Early Morning Driving

Setting out for a drive in the early morning can be particularly dangerous if you haven’t had a sufficiently rejuvenating sleep, or if you begin your drive shortly after waking up. Although it is second-nature to most of us, driving is a demanding activity both physically and mentally – so be sure that you’re wide awake and energised before setting off.

TIP: Take time in the morning to eat a good breakfast and fully wake up. Always make sure that there’s at least an hour between getting out of bed and setting off.
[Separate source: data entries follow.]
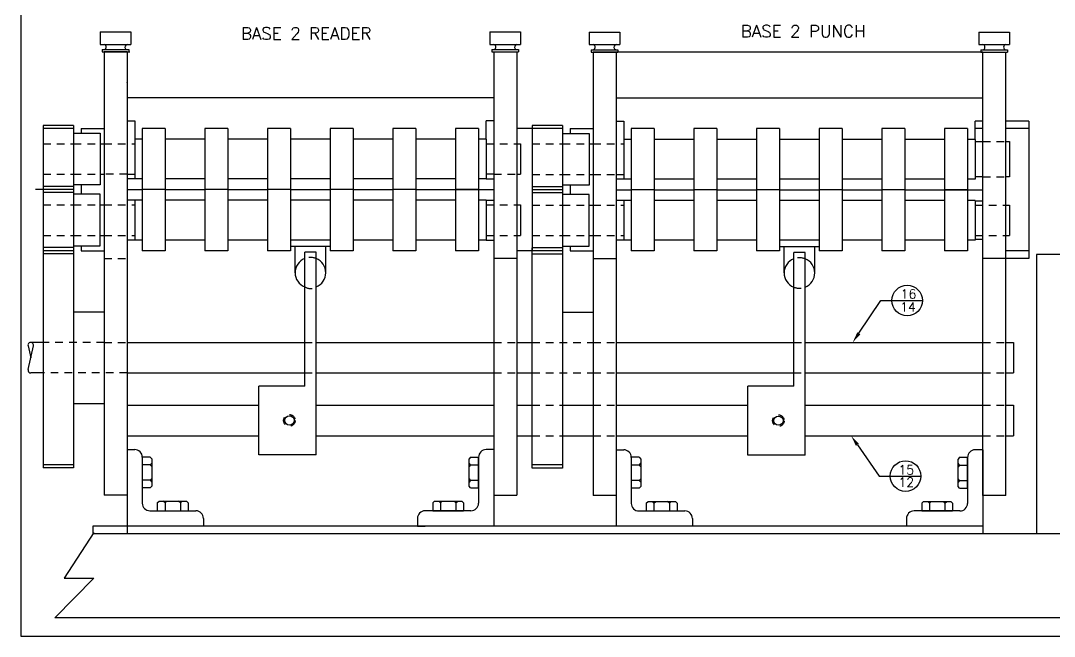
# Model space of a CAD drawing. Extents: x 0 to 34, y 0 to 23.8.
# Drawn here: x 0 to 16.91, y 0 to 10.07 of the extents above; entities that cross this region are included whole.
import ezdxf

# ---------------------------------------------------------------- set-up
doc = ezdxf.new("R2010")
doc.units = 0
doc.header["$MEASUREMENT"] = 0
doc.linetypes.add('CENTER', pattern=[2, 1.25, -0.25, 0.25, -0.25])
doc.linetypes.add('HIDDEN2', pattern=[0.1875, 0.125, -0.0625])
for name, color, linetype in [('BORDER', 5, 'CONTINUOUS'), ('CENTER', 4, 'CENTER'), ('HATCH', 2, 'CONTINUOUS'), ('HIDDEN2', 6, 'HIDDEN2'), ('OBJECT', 3, 'CONTINUOUS'), ('TEXT', 1, 'CONTINUOUS')]:
    doc.layers.add(name, color=color, linetype=linetype)
doc.styles.add('SIMPLEX', font='simplex')

msp = doc.modelspace()

# ---------------------------------------------------------------- linework, layer by layer
at = {"layer": 'BORDER'}
for p, q in [((0, 21), (0, 0)), ((0, 0), (33, 0))]:
    msp.add_line(p, q, dxfattribs=at)
at = {"layer": 'CENTER'}
msp.add_line((1.741, 2.678), (1.74, 2.678), dxfattribs=at)
at = {"layer": 'HATCH'}
for p, q in [((0.866, 8.307), (0.366, 8.307)), ((8.865, 8.303), (8.365, 8.303)), ((0.74, 7.307), (0.24, 7.307)), ((0.866, 7.307), (0.366, 7.307)), ((8.865, 7.303), (8.365, 7.303)), ((8.739, 7.303), (8.365, 7.303)), ((0.866, 6.307), (0.366, 6.307)), ((8.865, 6.303), (8.365, 6.303)), ((0.866, 2.807), (0.366, 2.807)), ((8.865, 2.803), (8.365, 2.803))]:
    msp.add_line(p, q, dxfattribs=at)
at = {"layer": 'HIDDEN2'}
for p, q in [((9.552, 9.553), (9.572, 9.553)), ((9.552, 9.553), (9.552, 9.553)), ((0.366, 8.057), (0.866, 8.057)), ((0.866, 8.057), (1.303, 8.057)), ((1.366, 8.057), (1.865, 8.057)), ((7.615, 8.057), (8.115, 8.057)), ((8.365, 8.053), (8.865, 8.053)), ((8.865, 8.053), (9.302, 8.053)), ((9.365, 8.053), (9.864, 8.053)), ((15.739, 8.091), (16.114, 8.091)), ((0.366, 7.557), (0.866, 7.557)), ((0.866, 7.557), (1.303, 7.557)), ((1.741, 7.557), (1.303, 7.557)), ((7.74, 7.557), (8.115, 7.557)), ((8.365, 7.553), (8.865, 7.553)), ((8.865, 7.553), (9.302, 7.553)), ((9.365, 7.553), (9.74, 7.553)), ((15.739, 7.516), (16.114, 7.516)), ((0.366, 7.057), (0.866, 7.057)), ((0.866, 7.057), (1.303, 7.057)), ((1.366, 7.057), (1.865, 7.057)), ((7.615, 7.057), (8.115, 7.057)), ((8.365, 7.053), (8.865, 7.053)), ((8.865, 7.053), (9.302, 7.053)), ((9.365, 7.053), (9.864, 7.053)), ((15.614, 7.053), (16.114, 7.053)), ((0.367, 6.557), (0.866, 6.557)), ((0.866, 6.557), (1.303, 6.557)), ((1.366, 6.557), (1.865, 6.557)), ((7.615, 6.557), (8.115, 6.557)), ((8.365, 6.553), (8.865, 6.553)), ((8.865, 6.553), (9.302, 6.553)), ((9.365, 6.553), (9.864, 6.553)), ((15.614, 6.553), (16.114, 6.553)), ((1.366, 6.182), (1.741, 6.182)), ((1.366, 4.807), (0.366, 4.807)), ((1.366, 4.807), (1.741, 4.807)), ((4.646, 4.807), (4.834, 4.807)), ((7.74, 4.807), (8.115, 4.807)), ((8.365, 4.807), (9.365, 4.807)), ((9.365, 4.807), (9.74, 4.807)), ((12.647, 4.807), (12.833, 4.807)), ((15.739, 4.807), (16.114, 4.807)), ((1.741, 4.307), (0.366, 4.307)), ((4.646, 4.307), (4.834, 4.307)), ((7.74, 4.307), (8.115, 4.307)), ((8.365, 4.307), (9.365, 4.307)), ((9.365, 4.307), (9.74, 4.307)), ((12.645, 4.307), (12.833, 4.307)), ((15.739, 4.307), (16.114, 4.307)), ((8.365, 3.781), (8.865, 3.781)), ((9.365, 3.781), (9.74, 3.781)), ((15.739, 3.781), (16.114, 3.781)), ((8.365, 3.281), (8.865, 3.281)), ((9.365, 3.281), (9.74, 3.281)), ((15.739, 3.281), (16.114, 3.281))]:
    msp.add_line(p, q, dxfattribs=at)
for centre in [(4.396, 3.531), (12.395, 3.527)]:
    msp.add_circle(centre, 0.095, dxfattribs=at)
for centre, radius, start, end in [((4.74, 5.953), 0.244, 67.2946, 112.7054), ((12.739, 5.932), 0.26, 68.8377, 111.1623), ((4.74, 5.876), 0.187, 239.7886, 300.665), ((12.739, 5.938), 0.245, 247.4854, 292.5146)]:
    msp.add_arc(centre, radius, start, end, dxfattribs=at)
at = {"layer": 'OBJECT'}
for p, q in [((1.303, 9.885), (1.803, 9.885)), ((1.303, 9.885), (1.303, 9.68)), ((1.803, 9.885), (1.803, 9.68)), ((7.677, 9.885), (8.177, 9.885)), ((7.677, 9.885), (7.677, 9.68)), ((8.177, 9.885), (8.177, 9.68)), ((9.302, 9.882), (9.302, 9.677)), ((9.302, 9.882), (9.802, 9.882)), ((9.802, 9.882), (9.802, 9.677)), ((15.676, 9.882), (15.676, 9.677)), ((15.676, 9.882), (16.176, 9.882)), ((16.176, 9.882), (16.176, 9.677)), ((1.303, 9.68), (1.803, 9.68)), ((7.677, 9.68), (8.177, 9.68)), ((7.741, 9.68), (7.741, 9.68)), ((9.302, 9.677), (9.802, 9.677)), ((15.676, 9.677), (16.176, 9.677)), ((15.74, 9.677), (15.74, 9.676)), ((1.335, 9.596), (1.335, 9.557)), ((1.335, 9.596), (1.772, 9.596)), ((1.335, 9.557), (1.772, 9.557)), ((1.346, 9.557), (1.783, 9.557)), ((1.366, 9.557), (1.366, 2.307)), ((1.741, 9.557), (1.366, 9.557)), ((1.455, 9.557), (1.691, 9.557)), ((1.741, 9.557), (1.741, 2.307)), ((1.772, 9.596), (1.772, 9.557)), ((7.709, 9.596), (7.709, 9.557)), ((7.709, 9.596), (8.146, 9.596)), ((7.709, 9.557), (8.146, 9.557)), ((7.74, 9.557), (7.74, 2.307)), ((7.74, 9.557), (8.115, 9.557)), ((7.79, 9.557), (8.025, 9.557)), ((8.115, 9.557), (8.115, 8.057)), ((8.146, 9.596), (8.146, 9.557)), ((9.333, 9.593), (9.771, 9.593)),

Late Evening or Night Driving

Starting a car journey late in the evening or at night is a potential drowsy driving risk if you’ve had a tiring day or are particularly low on energy. When it gets dark your body instinctively begins to relax in preparation for sleep, so if you’re out and about during this time you’re effectively going against your natural circadian rhythm.

TIP: Make sure you’ve prepared for the drive by resting and building up energy. Staying hydrated also helps maintain alertness.

Long Journeys

Car journeys that take more than an hour are notorious drowsy driving risks. The comfortable, cocoon-like environment of a car can create a relaxed state of mind that isn’t ideal for maintaining alertness and concentration. Add in the monotonous repetition of the motorway and long journeys can have an almost sedative effect.

TIP: Schedule frequent rest stops. Be sure to get out of the car, stretch your legs and get some fresh air – this can be just as rejuvenating to the mind and body as a caffeine-hit, and it’s far healthier too.

Ultimately, no matter what time of day your journey is, the best way to avoid drowsy driving is by making sure that you have a good sleep routine, which will in turn give your mind and body the energy it needs to concentrate fully on the task in hand. Add in some basic journey planning and you’ll be able to fend off drowsy driving and stay safe.